I recognize that spiders are important and serve a useful purpose in our ecosystem.

That being said, they scare me fucking WITLESS when they're in my house or garage.


----------



## Nargle (Sep 23, 2008)

**Eye twitches at Beastcat**

So now I'm betting your fursuits have hundreds of fat spiders crawling around in them? HM? =3


----------



## Beastcub (Sep 23, 2008)

Nargle said:


> **Eye twitches at Beastcat**
> 
> So now I'm betting your fursuits have hundreds of fat spiders crawling around in them? HM? =3



um no, the babies were let free OUTSIDE XD

all that is inside the house are some daddy long legs whom we leave alone as they do their job.
 like the big old monster in my bedroom whom i love as he has eaten like 20 bugs and nabbed a big iritating fly one evening
 (bzzzzzzz bzzzzzz BIZZZZZZ BRZZZZZZZZZZZZZZZZZZZ *moment of quiet  bizbiz? biz? bizzz-bizzz-bizzz!!!! *sweet silence)


----------



## Beastcub (Sep 23, 2008)

i like fat little cubby fuzzy spiders like this







big bodied spiders with no fuzz and long legs give me the willies, like this one






also the OP nice writing style, i loled at the images that popped in  my mind


----------



## Tycho (Sep 23, 2008)

Oh god, a shiver went down my spine, and not in a good way.  Even PICTURES of them freak me out.


----------



## Trpdwarf (Sep 23, 2008)

I have to agree with Beastcub. That is a lot of trouble to go through to kill it when a small preventative measure would have kept it out of your house, and the spider would get to enjoy life.

I'm not a big fan of spiders. However spiders find their way into my home all the time. I have one rule. If the spiders come in my room, they stay away from my bed. They can built a web, I don't care. If I see an egg sac it gets re-located outside. If it gets too comfy near my bed it is either captured and put outside or sucked up through a vacuum.

This reminds me of a funny story dealing with Fazoli's. It's a Italian restaurant....well sort of. I went to eat there once with my mom, and we chose a corner seat. While eating I noticed a spider the size of a dollar coin behind my mom. So we relocated to another table. However I noticed that the big spider had a weird hour-glass shape on his abdomen and I worried that the kids running around could possibly run afoul of the critter.

When I told the people running the restaurant about the spider they all freaked out so I ended up taking a piece of cardboard and a cup, playing "I'm gonna catch you!" with the spider who apparently could jump, and ended up re-locating him outside. I'm strange like that though, if I can find a way to return a bug back outside I will. It's better than flat out killing it.

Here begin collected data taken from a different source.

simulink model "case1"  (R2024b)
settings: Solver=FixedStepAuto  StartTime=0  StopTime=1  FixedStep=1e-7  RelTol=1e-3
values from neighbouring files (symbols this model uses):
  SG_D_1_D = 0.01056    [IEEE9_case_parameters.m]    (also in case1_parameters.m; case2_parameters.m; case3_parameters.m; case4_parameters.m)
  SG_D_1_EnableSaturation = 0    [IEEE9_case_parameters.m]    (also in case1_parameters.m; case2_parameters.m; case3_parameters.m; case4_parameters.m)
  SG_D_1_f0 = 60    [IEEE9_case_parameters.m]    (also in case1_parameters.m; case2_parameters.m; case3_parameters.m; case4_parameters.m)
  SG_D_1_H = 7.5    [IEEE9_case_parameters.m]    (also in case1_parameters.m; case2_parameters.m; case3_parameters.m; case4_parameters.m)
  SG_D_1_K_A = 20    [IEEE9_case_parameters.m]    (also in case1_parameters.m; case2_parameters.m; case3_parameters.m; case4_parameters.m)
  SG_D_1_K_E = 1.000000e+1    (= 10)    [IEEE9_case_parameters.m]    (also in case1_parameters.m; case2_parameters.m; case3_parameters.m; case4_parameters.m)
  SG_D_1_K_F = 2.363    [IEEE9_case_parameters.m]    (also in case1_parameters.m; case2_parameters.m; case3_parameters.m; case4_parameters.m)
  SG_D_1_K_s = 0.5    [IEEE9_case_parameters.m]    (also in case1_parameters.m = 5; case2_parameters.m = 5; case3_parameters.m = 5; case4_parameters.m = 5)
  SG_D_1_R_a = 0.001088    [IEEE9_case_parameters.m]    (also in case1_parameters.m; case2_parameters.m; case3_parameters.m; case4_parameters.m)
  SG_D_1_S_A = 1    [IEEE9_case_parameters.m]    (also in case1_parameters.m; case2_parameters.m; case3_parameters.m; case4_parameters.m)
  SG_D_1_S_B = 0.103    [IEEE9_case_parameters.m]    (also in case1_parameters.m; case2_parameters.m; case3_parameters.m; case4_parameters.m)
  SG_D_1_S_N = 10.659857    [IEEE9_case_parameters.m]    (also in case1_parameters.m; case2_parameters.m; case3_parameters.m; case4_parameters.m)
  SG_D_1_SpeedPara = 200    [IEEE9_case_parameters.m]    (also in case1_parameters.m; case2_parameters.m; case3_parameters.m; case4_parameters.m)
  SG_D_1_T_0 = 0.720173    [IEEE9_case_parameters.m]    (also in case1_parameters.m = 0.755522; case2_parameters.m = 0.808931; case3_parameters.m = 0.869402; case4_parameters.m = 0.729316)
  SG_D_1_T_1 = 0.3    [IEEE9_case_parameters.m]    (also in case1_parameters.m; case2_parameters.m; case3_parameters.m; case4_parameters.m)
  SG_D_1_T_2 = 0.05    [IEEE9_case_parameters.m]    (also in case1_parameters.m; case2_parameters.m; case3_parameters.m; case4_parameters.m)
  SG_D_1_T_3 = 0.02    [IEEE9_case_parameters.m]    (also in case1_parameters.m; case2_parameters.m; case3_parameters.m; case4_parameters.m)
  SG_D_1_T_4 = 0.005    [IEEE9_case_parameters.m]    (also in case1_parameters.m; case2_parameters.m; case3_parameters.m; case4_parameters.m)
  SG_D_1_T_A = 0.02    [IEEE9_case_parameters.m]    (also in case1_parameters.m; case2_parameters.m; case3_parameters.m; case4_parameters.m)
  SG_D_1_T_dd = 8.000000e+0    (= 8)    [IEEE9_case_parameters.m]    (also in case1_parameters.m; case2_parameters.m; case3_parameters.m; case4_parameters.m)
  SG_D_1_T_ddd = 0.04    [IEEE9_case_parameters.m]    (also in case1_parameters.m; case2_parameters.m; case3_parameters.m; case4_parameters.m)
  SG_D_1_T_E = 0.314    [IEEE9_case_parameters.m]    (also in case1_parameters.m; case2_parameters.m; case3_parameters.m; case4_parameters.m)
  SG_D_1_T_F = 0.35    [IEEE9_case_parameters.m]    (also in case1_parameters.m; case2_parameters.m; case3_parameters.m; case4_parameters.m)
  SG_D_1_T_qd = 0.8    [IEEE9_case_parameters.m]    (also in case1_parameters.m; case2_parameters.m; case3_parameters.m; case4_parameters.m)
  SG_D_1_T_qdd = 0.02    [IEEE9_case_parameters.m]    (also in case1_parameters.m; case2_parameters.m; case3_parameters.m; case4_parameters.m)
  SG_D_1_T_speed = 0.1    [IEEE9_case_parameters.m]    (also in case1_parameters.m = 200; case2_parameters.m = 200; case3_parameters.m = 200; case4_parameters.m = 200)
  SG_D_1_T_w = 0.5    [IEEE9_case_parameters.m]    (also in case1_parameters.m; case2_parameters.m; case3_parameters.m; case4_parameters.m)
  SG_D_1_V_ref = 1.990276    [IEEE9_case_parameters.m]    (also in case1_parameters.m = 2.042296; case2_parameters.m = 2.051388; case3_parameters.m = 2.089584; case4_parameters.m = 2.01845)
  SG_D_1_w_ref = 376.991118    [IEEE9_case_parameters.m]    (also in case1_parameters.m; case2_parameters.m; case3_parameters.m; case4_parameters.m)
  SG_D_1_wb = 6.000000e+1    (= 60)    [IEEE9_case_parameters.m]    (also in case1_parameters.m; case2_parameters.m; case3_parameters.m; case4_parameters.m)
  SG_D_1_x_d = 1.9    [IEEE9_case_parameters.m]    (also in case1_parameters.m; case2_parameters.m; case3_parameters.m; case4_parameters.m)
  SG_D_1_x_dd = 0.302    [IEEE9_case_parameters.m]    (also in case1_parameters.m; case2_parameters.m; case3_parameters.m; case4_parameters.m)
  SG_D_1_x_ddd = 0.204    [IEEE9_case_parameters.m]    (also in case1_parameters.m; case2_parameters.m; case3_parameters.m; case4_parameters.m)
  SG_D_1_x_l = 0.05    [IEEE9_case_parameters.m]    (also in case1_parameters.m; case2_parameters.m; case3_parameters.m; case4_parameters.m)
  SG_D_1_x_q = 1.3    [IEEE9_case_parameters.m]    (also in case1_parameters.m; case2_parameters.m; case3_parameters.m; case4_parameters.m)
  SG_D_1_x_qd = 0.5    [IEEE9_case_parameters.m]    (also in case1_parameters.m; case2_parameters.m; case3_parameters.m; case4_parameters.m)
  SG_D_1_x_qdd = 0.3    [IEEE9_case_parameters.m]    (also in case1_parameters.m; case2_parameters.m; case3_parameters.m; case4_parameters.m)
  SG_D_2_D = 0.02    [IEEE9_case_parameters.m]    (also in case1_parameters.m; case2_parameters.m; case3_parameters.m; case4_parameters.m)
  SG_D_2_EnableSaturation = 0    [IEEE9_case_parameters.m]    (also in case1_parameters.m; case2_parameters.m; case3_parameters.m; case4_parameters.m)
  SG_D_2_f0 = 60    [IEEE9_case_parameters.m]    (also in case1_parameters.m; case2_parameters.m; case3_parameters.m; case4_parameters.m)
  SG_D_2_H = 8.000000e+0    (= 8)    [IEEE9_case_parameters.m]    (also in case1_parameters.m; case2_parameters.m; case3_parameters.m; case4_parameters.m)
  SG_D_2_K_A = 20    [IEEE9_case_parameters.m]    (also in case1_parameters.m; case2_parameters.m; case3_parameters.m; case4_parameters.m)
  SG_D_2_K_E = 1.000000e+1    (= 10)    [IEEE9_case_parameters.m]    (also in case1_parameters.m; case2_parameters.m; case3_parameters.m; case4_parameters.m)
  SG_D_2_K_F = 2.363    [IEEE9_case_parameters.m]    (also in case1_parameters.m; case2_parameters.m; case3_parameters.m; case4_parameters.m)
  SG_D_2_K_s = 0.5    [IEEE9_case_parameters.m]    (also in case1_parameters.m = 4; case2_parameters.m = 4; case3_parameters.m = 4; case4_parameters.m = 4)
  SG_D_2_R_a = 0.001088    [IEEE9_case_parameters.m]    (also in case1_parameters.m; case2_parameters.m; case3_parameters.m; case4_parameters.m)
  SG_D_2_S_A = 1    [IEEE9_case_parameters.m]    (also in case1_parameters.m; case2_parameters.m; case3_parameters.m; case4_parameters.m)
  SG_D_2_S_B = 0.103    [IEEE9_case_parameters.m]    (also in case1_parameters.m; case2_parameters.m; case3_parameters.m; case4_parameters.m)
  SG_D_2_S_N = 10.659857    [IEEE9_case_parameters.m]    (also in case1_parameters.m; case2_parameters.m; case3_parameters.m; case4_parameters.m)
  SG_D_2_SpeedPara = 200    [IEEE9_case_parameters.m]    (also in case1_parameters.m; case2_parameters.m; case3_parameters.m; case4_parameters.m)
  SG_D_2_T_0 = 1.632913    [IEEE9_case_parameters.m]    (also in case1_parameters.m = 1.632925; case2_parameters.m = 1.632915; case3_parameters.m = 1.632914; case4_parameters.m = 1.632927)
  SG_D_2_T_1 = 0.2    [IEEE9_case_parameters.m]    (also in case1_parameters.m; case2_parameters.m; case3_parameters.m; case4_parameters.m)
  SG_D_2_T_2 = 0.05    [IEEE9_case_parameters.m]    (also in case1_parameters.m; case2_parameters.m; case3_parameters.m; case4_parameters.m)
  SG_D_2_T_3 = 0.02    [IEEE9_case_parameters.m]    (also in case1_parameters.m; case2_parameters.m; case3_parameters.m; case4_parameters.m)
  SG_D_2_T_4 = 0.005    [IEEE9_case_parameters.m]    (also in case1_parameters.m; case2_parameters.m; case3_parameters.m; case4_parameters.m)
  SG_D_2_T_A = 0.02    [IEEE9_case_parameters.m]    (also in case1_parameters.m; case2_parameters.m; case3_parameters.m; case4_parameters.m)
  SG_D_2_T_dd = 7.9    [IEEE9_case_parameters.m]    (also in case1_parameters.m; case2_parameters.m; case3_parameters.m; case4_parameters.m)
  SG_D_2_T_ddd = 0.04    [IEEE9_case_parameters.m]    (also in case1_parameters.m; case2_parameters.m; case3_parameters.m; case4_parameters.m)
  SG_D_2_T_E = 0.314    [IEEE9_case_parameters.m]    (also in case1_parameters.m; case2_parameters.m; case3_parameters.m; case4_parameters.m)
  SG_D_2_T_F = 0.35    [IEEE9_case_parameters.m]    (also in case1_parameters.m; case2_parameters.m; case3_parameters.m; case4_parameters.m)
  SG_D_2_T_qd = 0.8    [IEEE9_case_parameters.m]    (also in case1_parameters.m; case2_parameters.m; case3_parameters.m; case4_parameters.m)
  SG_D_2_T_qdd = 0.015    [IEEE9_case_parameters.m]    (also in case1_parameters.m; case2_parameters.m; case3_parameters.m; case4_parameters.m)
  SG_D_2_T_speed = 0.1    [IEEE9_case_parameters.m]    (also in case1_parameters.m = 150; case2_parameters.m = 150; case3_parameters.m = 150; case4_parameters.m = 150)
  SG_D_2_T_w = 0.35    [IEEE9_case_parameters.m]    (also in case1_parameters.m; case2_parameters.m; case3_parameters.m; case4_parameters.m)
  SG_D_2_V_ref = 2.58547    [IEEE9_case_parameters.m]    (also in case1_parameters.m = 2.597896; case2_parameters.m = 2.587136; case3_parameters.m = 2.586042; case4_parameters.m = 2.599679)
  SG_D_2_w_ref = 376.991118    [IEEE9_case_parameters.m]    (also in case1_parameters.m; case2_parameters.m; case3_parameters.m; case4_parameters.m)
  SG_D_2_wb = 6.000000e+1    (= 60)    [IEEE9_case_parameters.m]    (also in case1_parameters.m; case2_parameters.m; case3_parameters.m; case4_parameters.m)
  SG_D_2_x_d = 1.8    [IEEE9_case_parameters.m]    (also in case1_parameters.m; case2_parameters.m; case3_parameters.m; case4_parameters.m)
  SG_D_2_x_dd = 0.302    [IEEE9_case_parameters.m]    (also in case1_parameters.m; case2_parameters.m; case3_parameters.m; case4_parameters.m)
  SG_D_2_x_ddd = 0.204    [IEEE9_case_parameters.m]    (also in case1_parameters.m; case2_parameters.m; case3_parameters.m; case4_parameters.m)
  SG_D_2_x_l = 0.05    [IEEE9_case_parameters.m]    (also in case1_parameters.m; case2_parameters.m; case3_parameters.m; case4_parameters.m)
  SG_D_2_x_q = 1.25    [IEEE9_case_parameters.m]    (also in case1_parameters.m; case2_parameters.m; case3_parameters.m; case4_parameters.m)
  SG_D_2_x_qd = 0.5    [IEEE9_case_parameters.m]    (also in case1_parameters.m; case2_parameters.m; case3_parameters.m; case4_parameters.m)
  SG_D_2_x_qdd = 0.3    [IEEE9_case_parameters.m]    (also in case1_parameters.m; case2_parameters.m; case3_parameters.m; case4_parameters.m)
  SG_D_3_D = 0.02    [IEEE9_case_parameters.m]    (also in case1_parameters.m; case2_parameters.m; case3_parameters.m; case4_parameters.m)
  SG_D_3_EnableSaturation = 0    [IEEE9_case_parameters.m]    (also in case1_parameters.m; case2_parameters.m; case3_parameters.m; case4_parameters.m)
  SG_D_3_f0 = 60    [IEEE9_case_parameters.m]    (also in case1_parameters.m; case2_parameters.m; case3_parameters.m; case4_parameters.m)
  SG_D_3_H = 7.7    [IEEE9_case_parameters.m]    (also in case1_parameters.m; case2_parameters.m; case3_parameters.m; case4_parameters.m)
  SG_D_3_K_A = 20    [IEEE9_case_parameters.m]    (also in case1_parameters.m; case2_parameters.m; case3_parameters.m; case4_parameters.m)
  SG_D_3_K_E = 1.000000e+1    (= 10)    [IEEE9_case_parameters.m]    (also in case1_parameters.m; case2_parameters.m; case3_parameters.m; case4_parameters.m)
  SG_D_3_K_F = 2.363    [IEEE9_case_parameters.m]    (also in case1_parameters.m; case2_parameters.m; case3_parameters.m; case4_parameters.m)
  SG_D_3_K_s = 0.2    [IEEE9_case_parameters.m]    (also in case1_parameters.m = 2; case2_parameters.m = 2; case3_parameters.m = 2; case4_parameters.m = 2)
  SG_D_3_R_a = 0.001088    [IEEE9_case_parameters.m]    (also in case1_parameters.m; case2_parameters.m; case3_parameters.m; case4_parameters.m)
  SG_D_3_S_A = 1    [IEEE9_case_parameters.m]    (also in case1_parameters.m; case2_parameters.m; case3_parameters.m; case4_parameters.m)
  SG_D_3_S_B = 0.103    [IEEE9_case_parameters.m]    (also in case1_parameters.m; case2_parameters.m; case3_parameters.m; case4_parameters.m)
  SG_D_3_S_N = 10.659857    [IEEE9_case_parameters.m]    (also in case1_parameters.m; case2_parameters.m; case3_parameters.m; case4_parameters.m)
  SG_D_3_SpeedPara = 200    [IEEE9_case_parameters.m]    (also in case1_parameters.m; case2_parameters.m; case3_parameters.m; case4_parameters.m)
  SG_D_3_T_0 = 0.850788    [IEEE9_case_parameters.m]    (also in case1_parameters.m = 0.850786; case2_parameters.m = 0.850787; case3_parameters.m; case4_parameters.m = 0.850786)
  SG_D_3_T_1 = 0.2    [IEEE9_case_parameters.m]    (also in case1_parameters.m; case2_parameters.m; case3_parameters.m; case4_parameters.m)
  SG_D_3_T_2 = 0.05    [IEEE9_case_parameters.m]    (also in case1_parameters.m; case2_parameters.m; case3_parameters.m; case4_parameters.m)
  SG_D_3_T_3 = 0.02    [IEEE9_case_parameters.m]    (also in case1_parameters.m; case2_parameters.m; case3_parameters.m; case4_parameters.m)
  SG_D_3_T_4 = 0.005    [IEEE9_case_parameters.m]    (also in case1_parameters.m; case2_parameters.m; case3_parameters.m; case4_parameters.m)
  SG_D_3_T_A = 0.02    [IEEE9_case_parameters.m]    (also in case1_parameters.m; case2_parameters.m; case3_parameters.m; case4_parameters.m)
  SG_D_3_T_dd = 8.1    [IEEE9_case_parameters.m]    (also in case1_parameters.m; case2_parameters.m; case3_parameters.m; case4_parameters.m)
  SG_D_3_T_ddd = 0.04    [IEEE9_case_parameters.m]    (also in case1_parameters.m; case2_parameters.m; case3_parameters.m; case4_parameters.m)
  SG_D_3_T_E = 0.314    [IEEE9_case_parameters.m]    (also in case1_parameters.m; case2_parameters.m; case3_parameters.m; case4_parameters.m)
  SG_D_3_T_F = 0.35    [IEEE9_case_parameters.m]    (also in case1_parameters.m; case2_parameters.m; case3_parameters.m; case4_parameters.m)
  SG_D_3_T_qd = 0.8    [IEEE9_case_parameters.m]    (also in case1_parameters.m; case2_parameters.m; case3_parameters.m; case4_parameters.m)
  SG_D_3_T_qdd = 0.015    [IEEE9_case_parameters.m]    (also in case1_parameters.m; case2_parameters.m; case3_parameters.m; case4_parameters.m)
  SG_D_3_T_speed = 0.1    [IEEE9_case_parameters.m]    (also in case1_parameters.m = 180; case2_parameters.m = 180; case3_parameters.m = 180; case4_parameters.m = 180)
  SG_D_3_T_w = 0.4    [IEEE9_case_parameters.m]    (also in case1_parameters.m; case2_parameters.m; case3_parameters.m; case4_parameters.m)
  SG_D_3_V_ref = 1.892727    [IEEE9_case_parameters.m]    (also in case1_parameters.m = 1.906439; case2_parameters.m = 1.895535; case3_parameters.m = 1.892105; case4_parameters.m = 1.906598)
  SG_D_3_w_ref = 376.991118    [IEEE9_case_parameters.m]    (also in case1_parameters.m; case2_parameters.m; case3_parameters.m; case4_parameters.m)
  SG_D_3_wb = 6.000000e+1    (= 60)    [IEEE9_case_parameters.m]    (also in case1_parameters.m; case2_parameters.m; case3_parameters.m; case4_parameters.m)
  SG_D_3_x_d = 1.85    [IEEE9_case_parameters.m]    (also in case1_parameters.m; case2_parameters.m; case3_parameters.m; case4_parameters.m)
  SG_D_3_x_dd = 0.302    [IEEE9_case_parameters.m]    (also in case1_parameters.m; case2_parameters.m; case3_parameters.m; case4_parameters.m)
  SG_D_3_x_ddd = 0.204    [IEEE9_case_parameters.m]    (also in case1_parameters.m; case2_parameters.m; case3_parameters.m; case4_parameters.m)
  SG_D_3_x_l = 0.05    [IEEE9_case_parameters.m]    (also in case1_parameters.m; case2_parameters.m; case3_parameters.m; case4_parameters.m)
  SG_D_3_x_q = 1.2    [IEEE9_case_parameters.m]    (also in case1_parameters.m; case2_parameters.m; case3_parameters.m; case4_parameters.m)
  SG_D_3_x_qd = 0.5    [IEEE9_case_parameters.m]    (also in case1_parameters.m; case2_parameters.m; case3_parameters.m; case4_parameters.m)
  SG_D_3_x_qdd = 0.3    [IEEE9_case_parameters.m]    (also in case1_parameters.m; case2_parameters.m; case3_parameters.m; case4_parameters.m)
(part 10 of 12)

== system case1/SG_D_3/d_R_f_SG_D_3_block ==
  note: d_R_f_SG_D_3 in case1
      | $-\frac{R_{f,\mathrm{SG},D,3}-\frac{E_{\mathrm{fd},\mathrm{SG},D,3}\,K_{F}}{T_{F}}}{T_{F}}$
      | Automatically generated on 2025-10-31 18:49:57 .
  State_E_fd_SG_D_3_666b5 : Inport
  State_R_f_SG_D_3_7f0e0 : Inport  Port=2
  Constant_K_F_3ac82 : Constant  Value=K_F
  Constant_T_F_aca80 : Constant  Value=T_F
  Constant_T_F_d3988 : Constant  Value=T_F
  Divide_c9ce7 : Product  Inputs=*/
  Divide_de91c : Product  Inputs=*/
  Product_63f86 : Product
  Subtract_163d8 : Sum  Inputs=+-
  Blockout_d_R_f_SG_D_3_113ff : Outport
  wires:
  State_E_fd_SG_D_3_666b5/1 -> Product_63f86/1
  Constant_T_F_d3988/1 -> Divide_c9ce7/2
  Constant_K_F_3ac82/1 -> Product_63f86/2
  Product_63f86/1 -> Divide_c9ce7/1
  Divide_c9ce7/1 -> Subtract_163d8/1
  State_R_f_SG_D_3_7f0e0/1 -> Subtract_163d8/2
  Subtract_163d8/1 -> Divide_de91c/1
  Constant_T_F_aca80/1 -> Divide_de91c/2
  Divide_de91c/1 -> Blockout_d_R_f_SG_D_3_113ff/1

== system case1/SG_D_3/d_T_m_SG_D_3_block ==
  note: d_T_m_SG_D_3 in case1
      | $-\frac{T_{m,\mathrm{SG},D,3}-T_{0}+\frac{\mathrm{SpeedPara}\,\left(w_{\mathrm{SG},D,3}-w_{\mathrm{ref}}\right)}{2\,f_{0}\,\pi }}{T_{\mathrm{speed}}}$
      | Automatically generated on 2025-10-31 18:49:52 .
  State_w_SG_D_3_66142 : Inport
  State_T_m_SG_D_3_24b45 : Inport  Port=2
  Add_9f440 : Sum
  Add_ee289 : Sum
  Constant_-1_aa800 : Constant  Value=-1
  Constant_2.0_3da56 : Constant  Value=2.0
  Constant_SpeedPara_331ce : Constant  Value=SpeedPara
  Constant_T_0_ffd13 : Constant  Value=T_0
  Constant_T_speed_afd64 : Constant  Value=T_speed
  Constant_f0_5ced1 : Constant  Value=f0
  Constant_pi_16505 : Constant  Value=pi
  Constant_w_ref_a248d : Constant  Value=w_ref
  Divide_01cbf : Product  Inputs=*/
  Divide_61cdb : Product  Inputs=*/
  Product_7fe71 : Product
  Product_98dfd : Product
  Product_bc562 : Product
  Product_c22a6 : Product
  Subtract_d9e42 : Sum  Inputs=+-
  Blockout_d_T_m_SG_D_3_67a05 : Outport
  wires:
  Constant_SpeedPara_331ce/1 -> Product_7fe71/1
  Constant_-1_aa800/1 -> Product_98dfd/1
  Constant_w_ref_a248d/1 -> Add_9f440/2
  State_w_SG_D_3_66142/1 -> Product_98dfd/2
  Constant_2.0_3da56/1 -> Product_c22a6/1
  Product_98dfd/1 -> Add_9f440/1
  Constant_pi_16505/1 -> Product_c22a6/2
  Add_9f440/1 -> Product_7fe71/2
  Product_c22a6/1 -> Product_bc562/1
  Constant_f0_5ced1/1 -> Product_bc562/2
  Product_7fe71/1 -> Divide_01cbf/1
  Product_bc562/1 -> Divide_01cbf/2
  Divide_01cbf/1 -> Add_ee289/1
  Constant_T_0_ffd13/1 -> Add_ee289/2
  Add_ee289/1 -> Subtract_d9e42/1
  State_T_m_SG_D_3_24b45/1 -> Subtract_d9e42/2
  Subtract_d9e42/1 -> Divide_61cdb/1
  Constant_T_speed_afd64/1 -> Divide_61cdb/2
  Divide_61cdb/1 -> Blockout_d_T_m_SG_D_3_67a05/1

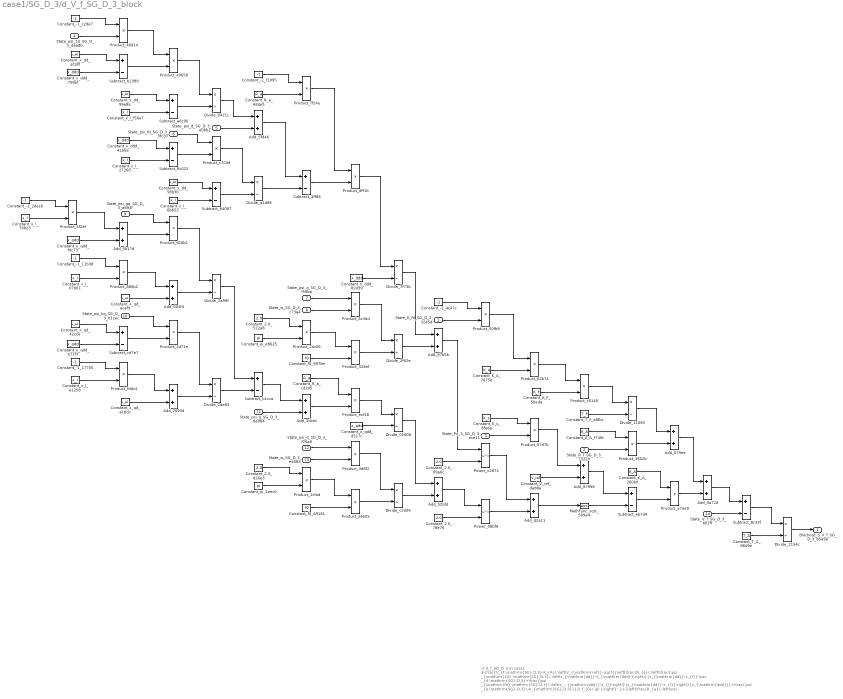
== system case1/SG_D_3/d_V_f_SG_D_3_block ==
  note: d_V_f_SG_D_3 in case1
      | $-\frac{V_{f,\mathrm{SG},D,3}-K_{A}\,\left(V_{\mathrm{ref}}-\sqrt{{\left(\frac{R_{a}\,\left(\frac{\psi _{\mathrm{1d},\mathrm{SG},D,3}\,\left(x_{\mathrm{dd}}-x_{\mathrm{ddd}}\right)}{x_{\mathrm{dd}}-x_{l}}-\psi _{d,\mathrm{SG},D,3}+\frac{\psi _{\mathrm{fd},\mathrm{SG},D,3}\,\left(x_{\mathrm{ddd}}-x_{l}\right)}{x_{\mathrm{dd}}-x_{l}}\right)}{x_{\mathrm{ddd}}}+\frac{\psi _{q,\mathrm{SG},D,3}\,w_{\mathrm{SG},D,3}}{2\,f_{0}\,\pi }\right)}^2+{\left(\frac{R_{a}\,\left(\psi _{q,\mathrm{SG},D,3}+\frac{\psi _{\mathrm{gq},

I suppose not everyone has it in them to do that though.


----------



## Quiet269 (Sep 23, 2008)

I hope you guys realize i did not write this


----------



## Trpdwarf (Sep 23, 2008)

Quiet269 said:


> I hope you guys realize i did not write this



Naww, really?

It's cool. I know people though who could make this story true......including my step-brother. He has no problem terrifying a cat but let one little spider come into his room and he sleeps on the couch.

And the kid's in College. Lawl.


----------



## LonelyFox (Sep 23, 2008)

i dont care wether you wrote it or not, still hilarious


----------



## Trpdwarf (Sep 23, 2008)

LonelyFox said:


> i dont care wether you wrote it or not, still hilarious



Very agreeable opinion. The story is full of lulz.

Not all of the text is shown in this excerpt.